• Directions: After finding the line with "#50=ORIENTED_EDGE('',*,*,#49,.T.);" in the entries below, retype exactly each line from there through the line with "#61=CARTESIAN_POINT('',(-81.2732419921328,6.47047612756292,5.));", including that final line.

--- Supplied information Enclosed Below ---

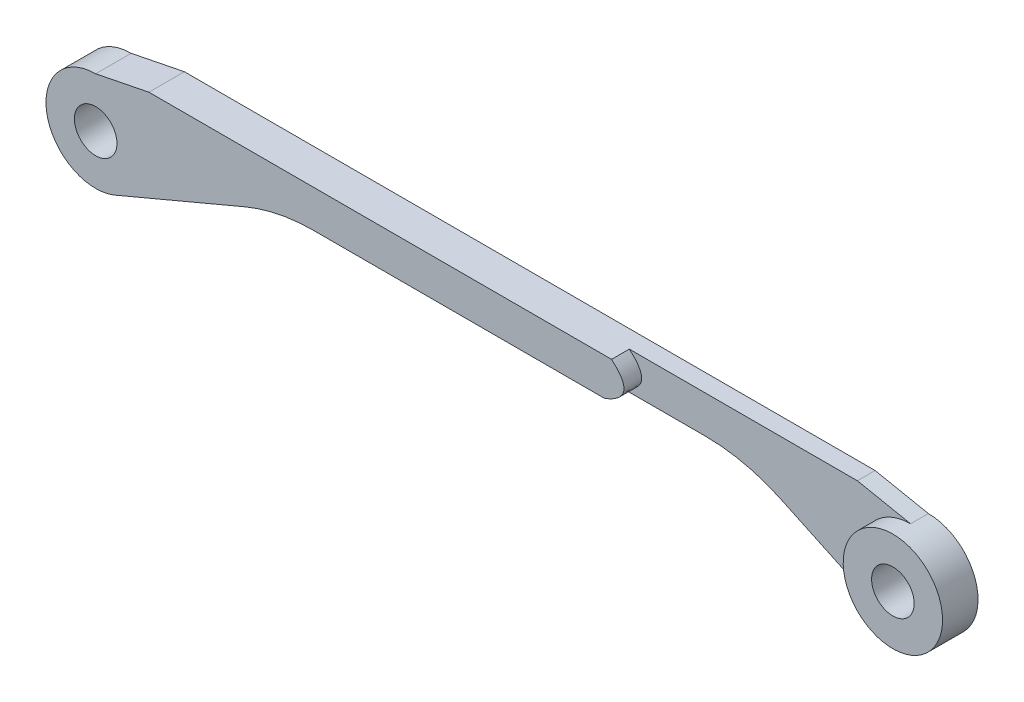
ISO-10303-21;
HEADER;
FILE_DESCRIPTION(('STEP AP214'),'2;1');
FILE_NAME('part.step','',(''),(''),'','','');
FILE_SCHEMA(('AUTOMOTIVE_DESIGN { 1 0 10303 214 1 1 1 1 }'));
ENDSEC;
DATA;
#1=APPLICATION_CONTEXT('core data for automotive mechanical design processes');
#2=APPLICATION_PROTOCOL_DEFINITION('international standard','automotive_design',2000,#1);
#3=PRODUCT_CONTEXT('',#1,'mechanical');
#4=PRODUCT('Part','Part','',(#3));
#5=PRODUCT_RELATED_PRODUCT_CATEGORY('part','',(#4));
#6=PRODUCT_DEFINITION_FORMATION('','',#4);
#7=PRODUCT_DEFINITION_CONTEXT('part definition',#1,'design');
#8=PRODUCT_DEFINITION('design','',#6,#7);
#9=PRODUCT_DEFINITION_SHAPE('','',#8);
#10=(LENGTH_UNIT() NAMED_UNIT(*) SI_UNIT(.MILLI.,.METRE.));
#11=(NAMED_UNIT(*) PLANE_ANGLE_UNIT() SI_UNIT($,.RADIAN.));
#12=(NAMED_UNIT(*) SI_UNIT($,.STERADIAN.) SOLID_ANGLE_UNIT());
#13=UNCERTAINTY_MEASURE_WITH_UNIT(LENGTH_MEASURE(1.E-05),#10,'distance_accuracy_value','');
#14=(GEOMETRIC_REPRESENTATION_CONTEXT(3) GLOBAL_UNCERTAINTY_ASSIGNED_CONTEXT((#13)) GLOBAL_UNIT_ASSIGNED_CONTEXT((#10,
#11,#12)) REPRESENTATION_CONTEXT('',''));
#15=CARTESIAN_POINT('',(0.,0.,0.));
#16=DIRECTION('',(0.,0.,1.));
#17=DIRECTION('',(1.,0.,0.));
#18=AXIS2_PLACEMENT_3D('',#15,#16,#17);
#19=CARTESIAN_POINT('',(-57.845130198065,-43.5295238724371,5.));
#20=DIRECTION('',(0.,0.,1.));
#21=DIRECTION('',(1.,0.,0.));
#22=AXIS2_PLACEMENT_3D('',#19,#20,#21);
#23=PLANE('',#22);
#24=DIRECTION('',(0.905027741446098,-0.425352544617962,0.));
#25=VECTOR('',#24,1.);
#26=CARTESIAN_POINT('',(-5.95493562465147,-12.6703883802454,5.));
#27=LINE('',#26,#25);
#28=CARTESIAN_POINT('',(-36.577502967167,1.7218631998678,5.));
#29=VERTEX_POINT('',#28);
#30=CARTESIAN_POINT('',(-5.95493562465147,-12.6703883802454,5.));
#31=VERTEX_POINT('',#30);
#32=EDGE_CURVE('E165',#29,#31,#27,.T.);
#33=ORIENTED_EDGE('',*,*,#32,.T.);
#34=CARTESIAN_POINT('',(0.,0.,5.));
#35=DIRECTION('',(0.,0.,1.));
#36=DIRECTION('',(1.,0.,0.));
#37=AXIS2_PLACEMENT_3D('',#34,#35,#36);
#38=CIRCLE('',#37,14.);
#39=CARTESIAN_POINT('',(0.,14.,5.));
#40=VERTEX_POINT('',#39);
#41=EDGE_CURVE('E147',#40,#31,#38,.T.);
#42=ORIENTED_EDGE('',*,*,#41,.F.);
#43=DIRECTION('',(-0.98058067569092,0.196116135138185,0.));
#44=VECTOR('',#43,1.);
#45=CARTESIAN_POINT('',(2.69230769230771,13.4615384615385,5.));
#46=LINE('',#45,#44);
#47=CARTESIAN_POINT('',(-15.,17.,5.));
#48=VERTEX_POINT('',#47);
#49=EDGE_CURVE('E157',#40,#48,#46,.T.);
#50=ORIENTED_EDGE('',*,*,#49,.T.);
#51=DIRECTION('',(-1.,0.,0.));
#52=VECTOR('',#51,1.);
#53=CARTESIAN_POINT('',(0.,17.,5.));
#54=LINE('',#53,#52);
#55=CARTESIAN_POINT('',(-79.2716069594435,17.,5.));
#56=VERTEX_POINT('',#55);
#57=EDGE_CURVE('E164',#48,#56,#54,.T.);
#58=ORIENTED_EDGE('',*,*,#57,.T.);
#59=CARTESIAN_POINT('',(-79.2716069594435,17.,5.));
#60=CARTESIAN_POINT('',(-71.4034946211549,10.2559083754016,5.));
#61=CARTESIAN_POINT('',(-81.2732419921328,6.47047612756292,5.));
#62=B_SPLINE_CURVE_WITH_KNOTS('',2,(#59,#60,#61),.UNSPECIFIED.,.F.,.F.,(3,3),(0.,1.),.UNSPECIFIED.);
#63=CARTESIAN_POINT('',(-81.2732419921328,6.47047612756292,5.));
#64=VERTEX_POINT('',#63);
#65=EDGE_CURVE('E191',#56,#64,#62,.T.);
#66=ORIENTED_EDGE('',*,*,#65,.T.);
#67=DIRECTION('',(1.,0.,0.));
#68=VECTOR('',#67,1.);
#69=CARTESIAN_POINT('',(0.,6.47047612756292,5.));
#70=LINE('',#69,#68);
#71=CARTESIAN_POINT('',(-57.845130198065,6.47047612756292,5.));
#72=VERTEX_POINT('',#71);
#73=EDGE_CURVE('E179',#64,#72,#70,.T.);
#74=ORIENTED_EDGE('',*,*,#73,.T.);
#75=CARTESIAN_POINT('',(-57.845130198065,-43.5295238724371,5.));
#76=DIRECTION('',(0.,0.,1.));
#77=DIRECTION('',(1.,0.,0.));
#78=AXIS2_PLACEMENT_3D('',#75,#76,#77);
#79=CIRCLE('',#78,50.);
#80=EDGE_CURVE('E183',#29,#72,#79,.T.);
#81=ORIENTED_EDGE('',*,*,#80,.F.);
#82=EDGE_LOOP('',(#33,#42,#50,#58,#66,#74,#81));
#83=FACE_BOUND('',#82,.T.);
#84=ADVANCED_FACE('F50',(#83),#23,.T.);
#85=CARTESIAN_POINT('',(-5.95493562465147,-12.6703883802454,10.));
#86=DIRECTION('',(0.425352544617962,0.905027741446098,0.));
#87=DIRECTION('',(-0.905027741446098,0.425352544617962,0.));
#88=AXIS2_PLACEMENT_3D('',#85,#86,#87);
#89=PLANE('',#88);
#90=ORIENTED_EDGE('',*,*,#32,.F.);
#91=DIRECTION('',(0.,0.,-1.));
#92=VECTOR('',#91,1.);
#93=CARTESIAN_POINT('',(-36.5775029671669,1.7218631998678,0.));
#94=LINE('',#93,#92);
#95=CARTESIAN_POINT('',(-36.577502967167,1.7218631998678,0.));
#96=VERTEX_POINT('',#95);
#97=EDGE_CURVE('E578',#29,#96,#94,.T.);
#98=ORIENTED_EDGE('',*,*,#97,.T.);
#99=DIRECTION('',(0.905027741446098,-0.425352544617962,0.));
#100=VECTOR('',#99,1.);
#101=CARTESIAN_POINT('',(-5.95493562465147,-12.6703883802454,0.));
#102=LINE('',#101,#100);
#103=CARTESIAN_POINT('',(-5.95493562465147,-12.6703883802454,0.));
#104=VERTEX_POINT('',#103);
#105=EDGE_CURVE('E508',#96,#104,#102,.T.);
#106=ORIENTED_EDGE('',*,*,#105,.T.);
#107=DIRECTION('',(0.,0.,-1.));
#108=VECTOR('',#107,1.);
#109=CARTESIAN_POINT('',(-5.95493562465147,-12.6703883802454,10.));
#110=LINE('',#109,#108);
#111=EDGE_CURVE('E153',#31,#104,#110,.T.);
#112=ORIENTED_EDGE('',*,*,#111,.F.);
#113=EDGE_LOOP('',(#90,#98,#106,#112));
#114=FACE_BOUND('',#113,.T.);
#115=ADVANCED_FACE('F253',(#114),#89,.F.);
#116=CARTESIAN_POINT('',(0.,0.,10.));
#117=DIRECTION('',(0.,0.,-1.));
#118=DIRECTION('',(-1.,0.,0.));
#119=AXIS2_PLACEMENT_3D('',#116,#117,#118);
#120=CYLINDRICAL_SURFACE('',#119,14.);
#121=DIRECTION('',(0.,0.,-1.));
#122=VECTOR('',#121,1.);
#123=CARTESIAN_POINT('',(0.,14.,10.));
#124=LINE('',#123,#122);
#125=CARTESIAN_POINT('',(0.,14.,0.));
#126=VERTEX_POINT('',#125);
#127=EDGE_CURVE('E141',#40,#126,#124,.T.);
#128=ORIENTED_EDGE('',*,*,#127,.F.);
#129=ORIENTED_EDGE('',*,*,#41,.T.);
#130=ORIENTED_EDGE('',*,*,#111,.T.);
#131=CARTESIAN_POINT('',(0.,0.,0.));
#132=DIRECTION('',(0.,0.,1.));
#133=DIRECTION('',(1.,0.,0.));
#134=AXIS2_PLACEMENT_3D('',#131,#132,#133);
#135=CIRCLE('',#134,14.);
#136=EDGE_CURVE('E149',#104,#126,#135,.T.);
#137=ORIENTED_EDGE('',*,*,#136,.T.);
#138=EDGE_LOOP('',(#128,#129,#130,#137));
#139=FACE_BOUND('',#138,.T.);
#140=CARTESIAN_POINT('',(0.,0.,10.));
#141=DIRECTION('',(0.,0.,1.));
#142=DIRECTION('',(1.,0.,0.));
#143=AXIS2_PLACEMENT_3D('',#140,#141,#142);
#144=CIRCLE('',#143,14.);
#145=CARTESIAN_POINT('',(14.,0.,10.));
#146=VERTEX_POINT('',#145);
#147=EDGE_CURVE('E175',#146,#146,#144,.T.);
#148=ORIENTED_EDGE('',*,*,#147,.F.);
#149=EDGE_LOOP('',(#148));
#150=FACE_BOUND('',#149,.T.);
#151=ADVANCED_FACE('F143',(#139,#150),#120,.T.);
#152=CARTESIAN_POINT('',(2.69230769230771,13.4615384615385,10.));
#153=DIRECTION('',(0.196116135138185,0.98058067569092,0.));
#154=DIRECTION('',(-0.98058067569092,0.196116135138185,0.));
#155=AXIS2_PLACEMENT_3D('',#152,#153,#154);
#156=PLANE('',#155);
#157=DIRECTION('',(0.,0.,-1.));
#158=VECTOR('',#157,1.);
#159=CARTESIAN_POINT('',(-15.,17.,10.));
#160=LINE('',#159,#158);
#161=CARTESIAN_POINT('',(-15.,17.,0.));
#162=VERTEX_POINT('',#161);
#163=EDGE_CURVE('E154',#48,#162,#160,.T.);
#164=ORIENTED_EDGE('',*,*,#163,.F.);
#165=ORIENTED_EDGE('',*,*,#49,.F.);
#166=ORIENTED_EDGE('',*,*,#127,.T.);
#167=DIRECTION('',(0.98058067569092,-0.196116135138185,0.));
#168=VECTOR('',#167,1.);
#169=CARTESIAN_POINT('',(2.69230769230771,13.4615384615385,0.));
#170=LINE('',#169,#168);
#171=EDGE_CURVE('E536',#162,#126,#170,.T.);
#172=ORIENTED_EDGE('',*,*,#171,.F.);
#173=EDGE_LOOP('',(#164,#165,#166,#172));
#174=FACE_BOUND('',#173,.T.);
#175=ADVANCED_FACE('F158',(#174),#156,.T.);
#176=CARTESIAN_POINT('',(0.,0.,10.));
#177=DIRECTION('',(0.,0.,-1.));
#178=DIRECTION('',(-1.,0.,0.));
#179=AXIS2_PLACEMENT_3D('',#176,#177,#178);
#180=CYLINDRICAL_SURFACE('',#179,6.);
#181=CARTESIAN_POINT('',(0.,0.,0.));
#182=DIRECTION('',(0.,0.,1.));
#183=DIRECTION('',(1.,0.,0.));
#184=AXIS2_PLACEMENT_3D('',#181,#182,#183);
#185=CIRCLE('',#184,6.);
#186=CARTESIAN_POINT('',(6.,0.,0.));
#187=VERTEX_POINT('',#186);
#188=EDGE_CURVE('E556',#187,#187,#185,.T.);
#189=ORIENTED_EDGE('',*,*,#188,.F.);
#190=EDGE_LOOP('',(#189));
#191=FACE_BOUND('',#190,.T.);
#192=CARTESIAN_POINT('',(0.,0.,10.));
#193=DIRECTION('',(0.,0.,1.));
#194=DIRECTION('',(1.,0.,0.));
#195=AXIS2_PLACEMENT_3D('',#192,#193,#194);
#196=CIRCLE('',#195,6.);
#197=CARTESIAN_POINT('',(6.,0.,10.));
#198=VERTEX_POINT('',#197);
#199=EDGE_CURVE('E170',#198,#198,#196,.F.);
#200=ORIENTED_EDGE('',*,*,#199,.F.);
#201=EDGE_LOOP('',(#200));
#202=FACE_BOUND('',#201,.T.);
#203=ADVANCED_FACE('F226',(#191,#202),#180,.F.);
#204=CARTESIAN_POINT('',(-57.845130198065,-43.5295238724371,10.));
#205=DIRECTION('',(0.,0.,1.));
#206=DIRECTION('',(1.,0.,0.));
#207=AXIS2_PLACEMENT_3D('',#204,#205,#206);
#208=CYLINDRICAL_SURFACE('',#207,50.);
#209=ORIENTED_EDGE('',*,*,#80,.T.);
#210=DIRECTION('',(0.,0.,-1.));
#211=VECTOR('',#210,1.);
#212=CARTESIAN_POINT('',(-57.845130198065,6.47047612756292,10.));
#213=LINE('',#212,#211);
#214=CARTESIAN_POINT('',(-57.845130198065,6.47047612756292,0.));
#215=VERTEX_POINT('',#214);
#216=EDGE_CURVE('E66',#215,#72,#213,.F.);
#217=ORIENTED_EDGE('',*,*,#216,.F.);
#218=CARTESIAN_POINT('',(-57.845130198065,-43.5295238724371,0.));
#219=DIRECTION('',(0.,0.,1.));
#220=DIRECTION('',(1.,0.,0.));
#221=AXIS2_PLACEMENT_3D('',#218,#219,#220);
#222=CIRCLE('',#221,50.);
#223=EDGE_CURVE('E591',#96,#215,#222,.T.);
#224=ORIENTED_EDGE('',*,*,#223,.F.);
#225=ORIENTED_EDGE('',*,*,#97,.F.);
#226=EDGE_LOOP('',(#209,#217,#224,#225));
#227=FACE_BOUND('',#226,.T.);
#228=ADVANCED_FACE('F229',(#227),#208,.F.);
#229=CARTESIAN_POINT('',(0.,17.,10.));
#230=DIRECTION('',(0.,1.,0.));
#231=DIRECTION('',(-1.,0.,0.));
#232=AXIS2_PLACEMENT_3D('',#229,#230,#231);
#233=PLANE('',#232);
#234=DIRECTION('',(0.,0.,1.));
#235=VECTOR('',#234,1.);
#236=CARTESIAN_POINT('',(-79.2716069594435,17.,5.));
#237=LINE('',#236,#235);
#238=CARTESIAN_POINT('',(-79.2716069594435,17.,10.));
#239=VERTEX_POINT('',#238);
#240=EDGE_CURVE('E198',#56,#239,#237,.T.);
#241=ORIENTED_EDGE('',*,*,#240,.F.);
#242=ORIENTED_EDGE('',*,*,#57,.F.);
#243=ORIENTED_EDGE('',*,*,#163,.T.);
#244=DIRECTION('',(1.,0.,0.));
#245=VECTOR('',#244,1.);
#246=CARTESIAN_POINT('',(0.,17.,0.));
#247=LINE('',#246,#245);
#248=CARTESIAN_POINT('',(-209.65,17.,0.));
#249=VERTEX_POINT('',#248);
#250=EDGE_CURVE('E539',#249,#162,#247,.T.);
#251=ORIENTED_EDGE('',*,*,#250,.F.);
#252=DIRECTION('',(0.,0.,-1.));
#253=VECTOR('',#252,1.);
#254=CARTESIAN_POINT('',(-209.65,17.,10.));
#255=LINE('',#254,#253);
#256=CARTESIAN_POINT('',(-209.65,17.,10.));
#257=VERTEX_POINT('',#256);
#258=EDGE_CURVE('E570',#257,#249,#255,.T.);
#259=ORIENTED_EDGE('',*,*,#258,.F.);
#260=DIRECTION('',(1.,0.,0.));
#261=VECTOR('',#260,1.);
#262=CARTESIAN_POINT('',(0.,17.,10.));
#263=LINE('',#262,#261);
#264=EDGE_CURVE('E516',#257,#239,#263,.T.);
#265=ORIENTED_EDGE('',*,*,#264,.T.);
#266=EDGE_LOOP('',(#241,#242,#243,#251,#259,#265));
#267=FACE_BOUND('',#266,.T.);
#268=ADVANCED_FACE('F244',(#267),#233,.T.);
#269=CARTESIAN_POINT('',(-11.3326923076922,56.6634615384613,10.));
#270=DIRECTION('',(0.196116135138183,-0.98058067569092,0.));
#271=DIRECTION('',(0.98058067569092,0.196116135138183,0.));
#272=AXIS2_PLACEMENT_3D('',#269,#270,#271);
#273=PLANE('',#272);
#274=DIRECTION('',(-0.98058067569092,-0.196116135138183,0.));
#275=VECTOR('',#274,1.);
#276=CARTESIAN_POINT('',(-11.3326923076922,56.6634615384613,0.));
#277=LINE('',#276,#275);
#278=CARTESIAN_POINT('',(-224.65,14.,0.));
#279=VERTEX_POINT('',#278);
#280=EDGE_CURVE('E542',#249,#279,#277,.T.);
#281=ORIENTED_EDGE('',*,*,#280,.T.);
#282=DIRECTION('',(0.,0.,-1.));
#283=VECTOR('',#282,1.);
#284=CARTESIAN_POINT('',(-224.65,14.,10.));
#285=LINE('',#284,#283);
#286=CARTESIAN_POINT('',(-224.65,14.,10.));
#287=VERTEX_POINT('',#286);
#288=EDGE_CURVE('E566',#287,#279,#285,.T.);
#289=ORIENTED_EDGE('',*,*,#288,.F.);
#290=DIRECTION('',(-0.98058067569092,-0.196116135138183,0.));
#291=VECTOR('',#290,1.);
#292=CARTESIAN_POINT('',(-11.3326923076922,56.6634615384613,10.));
#293=LINE('',#292,#291);
#294=EDGE_CURVE('E519',#257,#287,#293,.T.);
#295=ORIENTED_EDGE('',*,*,#294,.F.);
#296=ORIENTED_EDGE('',*,*,#258,.T.);
#297=EDGE_LOOP('',(#281,#289,#295,#296));
#298=FACE_BOUND('',#297,.T.);
#299=ADVANCED_FACE('F240',(#298),#273,.F.);
#300=CARTESIAN_POINT('',(-224.65,0.,10.));
#301=DIRECTION('',(0.,0.,-1.));
#302=DIRECTION('',(-1.,0.,0.));
#303=AXIS2_PLACEMENT_3D('',#300,#301,#302);
#304=CYLINDRICAL_SURFACE('',#303,14.);
#305=CARTESIAN_POINT('',(-224.65,0.,0.));
#306=DIRECTION('',(0.,0.,1.));
#307=DIRECTION('',(1.,0.,0.));
#308=AXIS2_PLACEMENT_3D('',#305,#306,#307);
#309=CIRCLE('',#308,14.);
#310=CARTESIAN_POINT('',(-219.205808477167,-12.8980920551341,0.));
#311=VERTEX_POINT('',#310);
#312=EDGE_CURVE('E546',#279,#311,#309,.T.);
#313=ORIENTED_EDGE('',*,*,#312,.T.);
#314=DIRECTION('',(0.,0.,-1.));
#315=VECTOR('',#314,1.);
#316=CARTESIAN_POINT('',(-219.205808477167,-12.8980920551341,10.));
#317=LINE('',#316,#315);
#318=CARTESIAN_POINT('',(-219.205808477167,-12.8980920551341,10.));
#319=VERTEX_POINT('',#318);
#320=EDGE_CURVE('E532',#319,#311,#317,.T.);
#321=ORIENTED_EDGE('',*,*,#320,.F.);
#322=CARTESIAN_POINT('',(-224.65,0.,10.));
#323=DIRECTION('',(0.,0.,1.));
#324=DIRECTION('',(1.,0.,0.));
#325=AXIS2_PLACEMENT_3D('',#322,#323,#324);
#326=CIRCLE('',#325,14.);
#327=EDGE_CURVE('E524',#287,#319,#326,.T.);
#328=ORIENTED_EDGE('',*,*,#327,.F.);
#329=ORIENTED_EDGE('',*,*,#288,.T.);
#330=EDGE_LOOP('',(#313,#321,#328,#329));
#331=FACE_BOUND('',#330,.T.);
#332=ADVANCED_FACE('F236',(#331),#304,.T.);
#333=CARTESIAN_POINT('',(-28.527497627278,67.5858461180238,10.));
#334=DIRECTION('',(0.38887082305951,-0.921292289652431,0.));
#335=DIRECTION('',(0.921292289652431,0.38887082305951,0.));
#336=AXIS2_PLACEMENT_3D('',#333,#334,#335);
#337=PLANE('',#336);
#338=DIRECTION('',(-0.921292289652431,-0.38887082305951,0.));
#339=VECTOR('',#338,1.);
#340=CARTESIAN_POINT('',(-28.527497627278,67.5858461180238,0.));
#341=LINE('',#340,#339);
#342=CARTESIAN_POINT('',(-182.642324278252,2.53509061018449,0.));
#343=VERTEX_POINT('',#342);
#344=EDGE_CURVE('E550',#343,#311,#341,.T.);
#345=ORIENTED_EDGE('',*,*,#344,.F.);
#346=DIRECTION('',(0.,0.,-1.));
#347=VECTOR('',#346,1.);
#348=CARTESIAN_POINT('',(-182.642324278252,2.53509061018448,10.));
#349=LINE('',#348,#347);
#350=CARTESIAN_POINT('',(-182.642324278252,2.53509061018449,10.));
#351=VERTEX_POINT('',#350);
#352=EDGE_CURVE('E587',#343,#351,#349,.F.);
#353=ORIENTED_EDGE('',*,*,#352,.T.);
#354=DIRECTION('',(-0.921292289652431,-0.38887082305951,0.));
#355=VECTOR('',#354,1.);
#356=CARTESIAN_POINT('',(-28.527497627278,67.5858461180238,10.));
#357=LINE('',#356,#355);
#358=EDGE_CURVE('E505',#351,#319,#357,.T.);
#359=ORIENTED_EDGE('',*,*,#358,.T.);
#360=ORIENTED_EDGE('',*,*,#320,.T.);
#361=EDGE_LOOP('',(#345,#353,#359,#360));
#362=FACE_BOUND('',#361,.T.);
#363=ADVANCED_FACE('F233',(#362),#337,.T.);
#364=CARTESIAN_POINT('',(0.,6.47047612756292,10.));
#365=DIRECTION('',(0.,1.,0.));
#366=DIRECTION('',(-1.,0.,0.));
#367=AXIS2_PLACEMENT_3D('',#364,#365,#366);
#368=PLANE('',#367);
#369=ORIENTED_EDGE('',*,*,#73,.F.);
#370=DIRECTION('',(0.,0.,1.));
#371=VECTOR('',#370,1.);
#372=CARTESIAN_POINT('',(-81.2732419921328,6.47047612756292,5.));
#373=LINE('',#372,#371);
#374=CARTESIAN_POINT('',(-81.2732419921328,6.47047612756292,10.));
#375=VERTEX_POINT('',#374);
#376=EDGE_CURVE('E496',#64,#375,#373,.T.);
#377=ORIENTED_EDGE('',*,*,#376,.T.);
#378=DIRECTION('',(1.,0.,0.));
#379=VECTOR('',#378,1.);
#380=CARTESIAN_POINT('',(0.,6.47047612756292,10.));
#381=LINE('',#380,#379);
#382=CARTESIAN_POINT('',(-163.198783125276,6.47047612756292,10.));
#383=VERTEX_POINT('',#382);
#384=EDGE_CURVE('E500',#383,#375,#381,.T.);
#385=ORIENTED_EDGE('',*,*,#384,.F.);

--- End of Enclosed Supplied information ---

• Result for this task:
#50=ORIENTED_EDGE('',*,*,#49,.T.);
#51=DIRECTION('',(-1.,0.,0.));
#52=VECTOR('',#51,1.);
#53=CARTESIAN_POINT('',(0.,17.,5.));
#54=LINE('',#53,#52);
#55=CARTESIAN_POINT('',(-79.2716069594435,17.,5.));
#56=VERTEX_POINT('',#55);
#57=EDGE_CURVE('E164',#48,#56,#54,.T.);
#58=ORIENTED_EDGE('',*,*,#57,.T.);
#59=CARTESIAN_POINT('',(-79.2716069594435,17.,5.));
#60=CARTESIAN_POINT('',(-71.4034946211549,10.2559083754016,5.));
#61=CARTESIAN_POINT('',(-81.2732419921328,6.47047612756292,5.));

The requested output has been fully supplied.